Task goal:
Produce a copy of every line in the records that holds the string "diagram".

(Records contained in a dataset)
+ + + +

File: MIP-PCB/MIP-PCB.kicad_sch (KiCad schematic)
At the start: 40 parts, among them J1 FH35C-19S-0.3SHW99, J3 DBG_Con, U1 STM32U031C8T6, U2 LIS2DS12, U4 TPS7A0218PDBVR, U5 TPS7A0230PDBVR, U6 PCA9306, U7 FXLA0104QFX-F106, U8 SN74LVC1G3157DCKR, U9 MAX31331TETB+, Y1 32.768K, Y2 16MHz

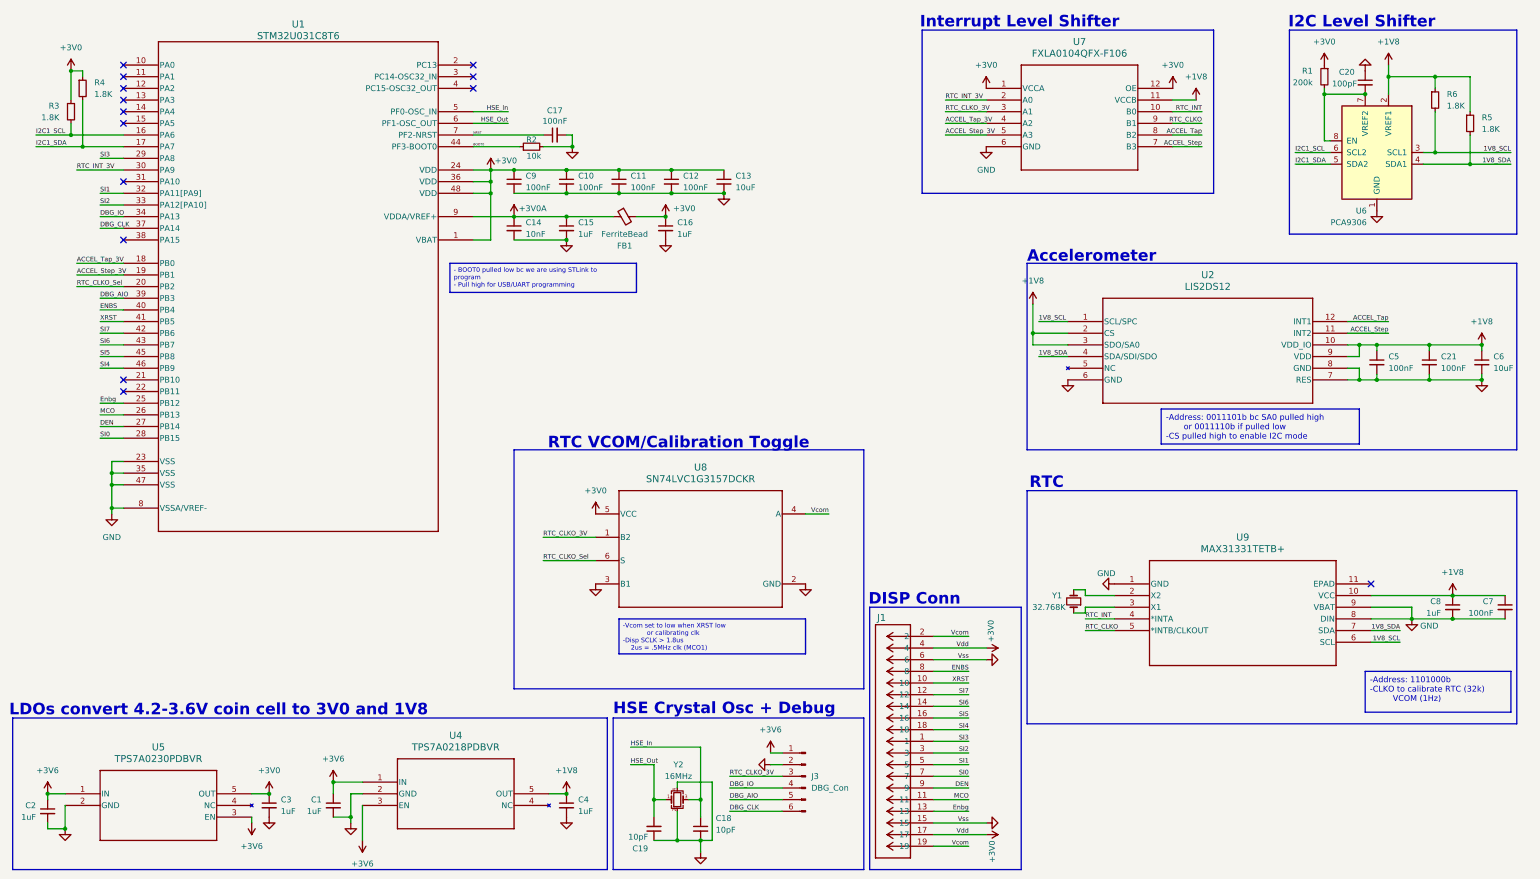
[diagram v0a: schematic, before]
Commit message: V2 of the MIP Watch - Updated PCB     - Added test points     - Uses single LDO for power regulation     - Changed IMU to LSM6DSR - Added STM32 Code.      - Functional prototype with interrupt based peripheral reads.      - IMU has power-up bug.      - Stop mode disabled for debugging.
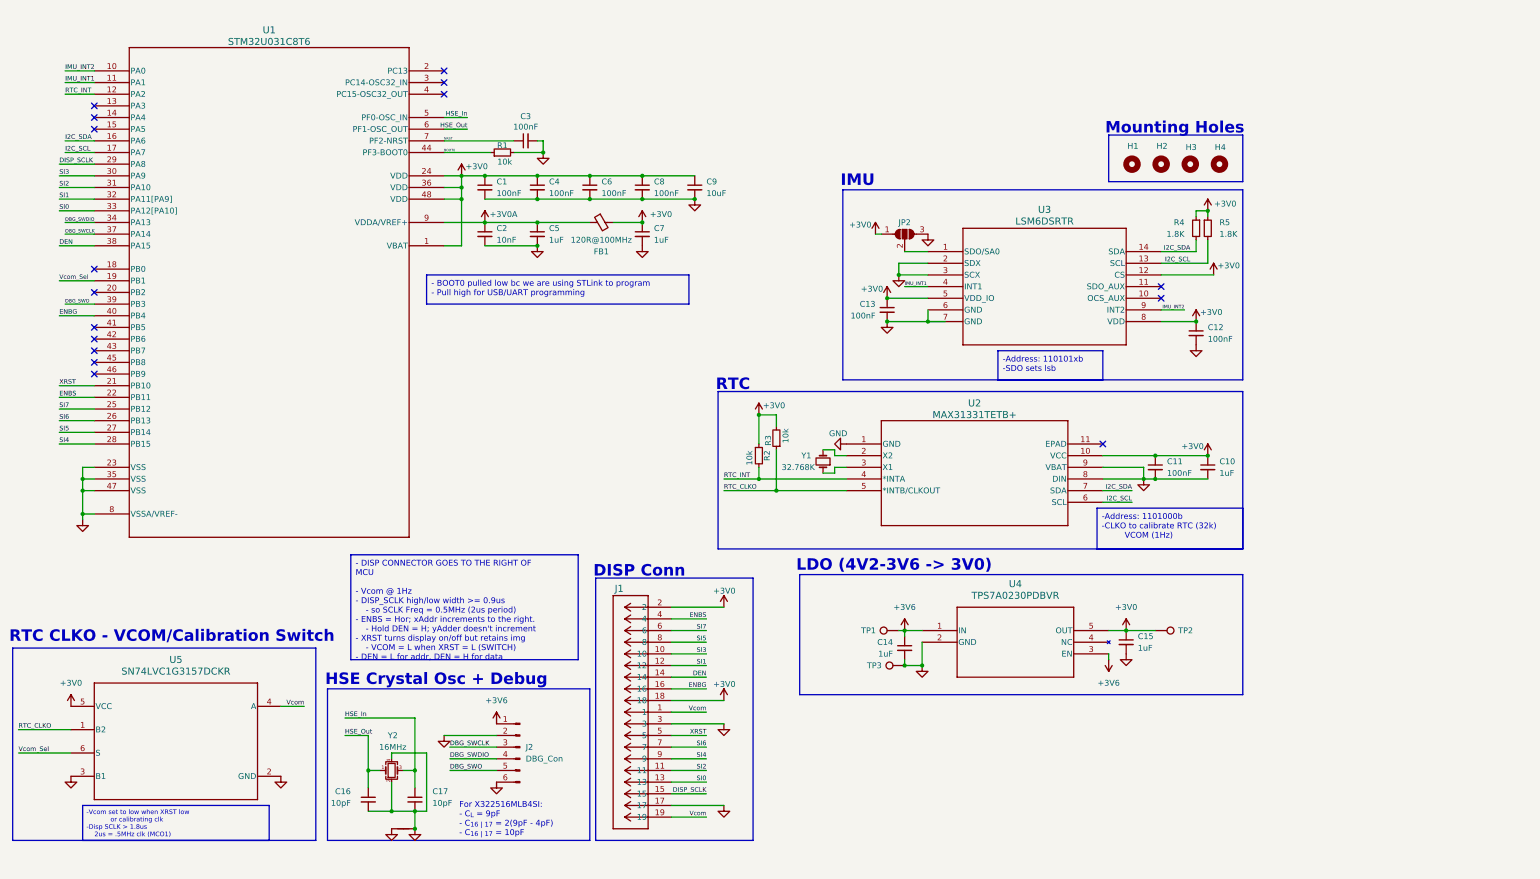
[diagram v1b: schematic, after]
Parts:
- removed C18, C19: 10pF, Capacitor_SMD:C_0402_1005Metric, symbol Device:C_Small
- removed C20: 100pF, Capacitor_SMD:C_0402_1005Metric, symbol Device:C_Small
- removed C21: 100nF, Capacitor_SMD:C_0402_1005Metric, symbol Device:C_Small
- removed J3: DBG_Con, Connector_PinHeader_2.00mm:PinHeader_2x03_P2.00mm_Vertical, symbol Connector:Conn_01x06_Pin
- removed R6: 1.8K, Resistor_SMD:R_0402_1005Metric, symbol Device:R_Small
- removed U2: LIS2DS12, LIS2DS12:LGA-12_2X2X0P86_STM, symbol LIS2DS12:LIS2DS12
- removed U4: TPS7A0218PDBVR, LDO 1.8V Iq=25nA:SOT_233DBVR_TEX, symbol LDO 1.8V Iq=25nA:TPS7A0218PDBVR
- removed U5: TPS7A0230PDBVR, LDO 3.0V Iq=25nA:SOT23_DBV_TEX, symbol LDO 3.0V Iq=25nA:TPS7A0230PDBVR
- removed U6: PCA9306, Package_SO:SSOP-8_2.95x2.8mm_P0.65mm, symbol Interface:PCA9306
- removed U7: FXLA0104QFX-F106, FXLA0104QFX:UMLP12_1P7X2_ONS, symbol FXLA0104QFX:FXLA0104QFX-F106
- removed U8: SN74LVC1G3157DCKR, SN74LVC1G3157DCKR:DCK0006A_N, symbol SN74LVC1G3157DCKR:SN74LVC1G3157DCKR
- removed U9: MAX31331TETB+, MAX31331TETB+:21-0137_T1033-1C_MXM, symbol MAX31331TETB+:MAX31331TETB+
- added H1, H2, H3, H4: MountingHole, MountingHole:MountingHole_2.2mm_M2, symbol Mechanical:MountingHole
- added J2: DBG_Con, Connector_PinHeader_2.00mm:PinHeader_2x03_P2.00mm_Vertical, symbol Connector:Conn_01x06_Pin
- added JP2: SolderJumper_3_Open, Jumper:SolderJumper-3_P1.3mm_Open_RoundedPad1.0x1.5mm, symbol Jumper:SolderJumper_3_Open
- added NT1: NetTie_2, symbol Device:NetTie_2
- added TP1, TP2, TP3: TestPoint, TestPoint:TestPoint_Pad_D1.0mm, symbol Connector:TestPoint
- added U2: MAX31331TETB+, MAX31331TETB+:21-0137_T1033-1C_MXM, symbol MAX31331TETB+:MAX31331TETB+
- added U3: LSM6DSRTR, LSM6DSRTR:LGA-14L_2P5X3X0P83_STM-L, symbol LSM6DSRTR:LSM6DSRTR
- added U4: TPS7A0230PDBVR, LDO 3.0V Iq=25nA:SOT23_DBV_TEX, symbol LDO 3.0V Iq=25nA:TPS7A0230PDBVR
- added U5: SN74LVC1G3157DCKR, SN74LVC1G3157DCKR:DCK0006A_N, symbol SN74LVC1G3157DCKR:SN74LVC1G3157DCKR
- C1, C3, C4, C8: value 1uF -> 100nF
- C10, C5, C7: value 100nF -> 1uF
- C13, C6: value 10uF -> 100nF; footprint Capacitor_SMD:C_0603_1608Metric -> Capacitor_SMD:C_0402_1005Metric
- C14: value 10nF -> 1uF
- C16: value 1uF -> 10pF
- C17: value 100nF -> 10pF
- C2: value 1uF -> 10nF
- C9: value 100nF -> 10uF; footprint Capacitor_SMD:C_0402_1005Metric -> Capacitor_SMD:C_0603_1608Metric
- FB1: value FerriteBead -> 120R@100MHz
- R1: value 200k -> 10k
- R3: value 1.8K -> 10k
- U1: footprint STM32U031C8:LQFP48_STM -> STM32U031C8:LQFP48_STM-L
- Y1: footprint Crystal:Crystal_SMD_2012-2Pin_2.0x1.2mm -> Crystal:Crystal_SMD_3215-2Pin_3.2x1.5mm
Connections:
- net RTC_INT_3V is gone; now on net SI3: U1.30 (PA9)
- net +3V0: now also C1.1, C15.1, C4.1, C6.1, C7.1, C8.1, J1.18, J1.2, R2.1, R3.2, R5.1, JP2.1 (A), TP2.1, U2.10 (VCC), U3.12 (CS), U3.5 (VDD_IO), U3.8 (VDD), U4.5 (OUT), U5.5 (VCC); no longer C16.1, C3.1, J1.17, J1.4, R1.1, R3.1
- net +3V0A: now also C2.1, C5.1; no longer C14.1, C15.1
- net +3V6: now also C14.1, J2.1 (Pin_1), TP1.1, U4.1 (IN), U4.3 (EN); no longer C1.1, C2.1
- net BOOT0: now also R1.1; no longer R2.1
- net DEN: now also J1.14, U1.38 (PA15); no longer J1.9, U1.27 (PB14)
- net ENBS: now also J1.4, U1.22 (PB11); no longer J1.8, U1.40 (PB4)
- net GND: now also J1.17, J1.3, R1.2, J2.2 (Pin_2), J2.6 (Pin_6), JP2.3 (B), NT1.1, TP3.1, U2.1 (GND), U2.8 (DIN), U2.9 (VBAT), U3.2 (SDX), U3.3 (SCX), U3.6 (GND), U3.7 (GND), U4.2 (GND), U5.2 (GND), U5.3 (B1); no longer C16.2, C17.2, J1.15, J1.6, R2.2, Y2.2, Y2.4
- net HSE_In: now also C17.1
- net HSE_Out: now also C16.1
- net NRST: now also C3.1; no longer C17.1
- net RTC_CLKO: now also R3.1, U2.5 (*INTB/CLKOUT), U5.1 (B2)
- net RTC_INT: now also R2.2, U1.12 (PA2), U2.4 (*INTA)
- net SI0: now also J1.13, U1.33 (PA12[PA10]); no longer J1.7, U1.28 (PB15)
- net SI1: now also J1.12; no longer J1.5
- net SI2: now also J1.11, U1.31 (PA10); no longer J1.3, U1.33 (PA12[PA10])
- net SI3: now also J1.10; no longer J1.1, U1.29 (PA8)
- net SI4: now also J1.9, U1.28 (PB15); no longer J1.18, U1.46 (PB9)
- net SI5: now also J1.8, U1.27 (PB14); no longer J1.16, U1.45 (PB8)
- net SI6: now also J1.7, U1.26 (PB13); no longer J1.14, U1.43 (PB7)
- net SI7: now also J1.6, U1.25 (PB12); no longer J1.12, U1.42 (PB6)
- net Vcom: now also J1.1, U5.4 (A); no longer J1.2
- net XRST: now also J1.5, U1.21 (PB10); no longer J1.10, U1.41 (PB5)
- net at Y1.1: now also U2.3 (X1)
- net at Y1.2: now also U2.2 (X2)
- net IMU_INT2: now reaches U1.10 (PA0)
- net IMU_INT2: now also U3.9 (INT2)
- net IMU_INT1: now reaches U1.11 (PA1)
- net IMU_INT1: now also U3.4 (INT1)
- removed net +1V8: C4.1, C5.1, C6.1, C7.1, C8.1, R5.1
- net 1V8_SDA renamed I2C_SCL
- net I2C_SCL: now also U1.17 (PA7), U2.6 (SCL), U3.13 (SCL)
- net ACCEL_Step_3V renamed Vcom_Sel
- net Vcom_Sel: now also U5.6 (S)
- net ACCEL_Tap_3V: no longer names the net of U1.18 (PB0)
- net DBG_AIO renamed DBG_SWO
- net DBG_SWO: now also J2.5 (Pin_5)
- net DBG_CLK renamed DBG_SWCLK
- net DBG_SWCLK: now also J2.3 (Pin_3)
- net DBG_IO renamed DBG_SWDIO
- net DBG_SWDIO: now also J2.4 (Pin_4)
- removed net Enbg: J1.13, U1.25 (PB12)
- net I2C1_SCL renamed I2C_SDA
- net I2C_SDA: now also R4.2, U2.7 (SDA), U3.14 (SDA); no longer R3.2
- removed net I2C1_SDA: R4.2, U1.17 (PA7)
- removed net MCO: J1.11, U1.26 (PB13)
- net RTC_CLKO_Sel: no longer names the net of U1.20 (PB2)
- new net: JP2.2 (C), U3.1 (SDO/SA0)
- new net DISP_SCLK: J1.15, U1.29 (PA8)
- new net ENBG: J1.16, U1.40 (PB4)
- new net GND_HSE: C16.2, C17.2, NT1.2, Y2.2, Y2.4
- no-connect marks 14 -> 16
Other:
- note added: "For X322516MLB4SI: - C_{L} = 9pF - C_{16 | 17} = 2(9pF - 4pF) - C_{16 | 17} = 10pF"
- note added: "IMU"
- note added: "LDO (4V2-3V6 -> 3V0)"
- note added: "Mounting Holes"
- note added: "RTC CLKO - VCOM/Calibration Switch"
- note removed: "Accelerometer"
- note removed: "I2C Level Shifter"
- note removed: "Interrupt Level Shifter"
- note removed: "LDOs convert 4.2-3.6V coin cell to 3V0 and 1V8"
- note removed: "RTC VCOM/Calibration Toggle"
- title: MIP Watch -> MIP-Watch

+ + + +

Exercise result:
[diagram v0a: schematic, before]
[diagram v1b: schematic, after]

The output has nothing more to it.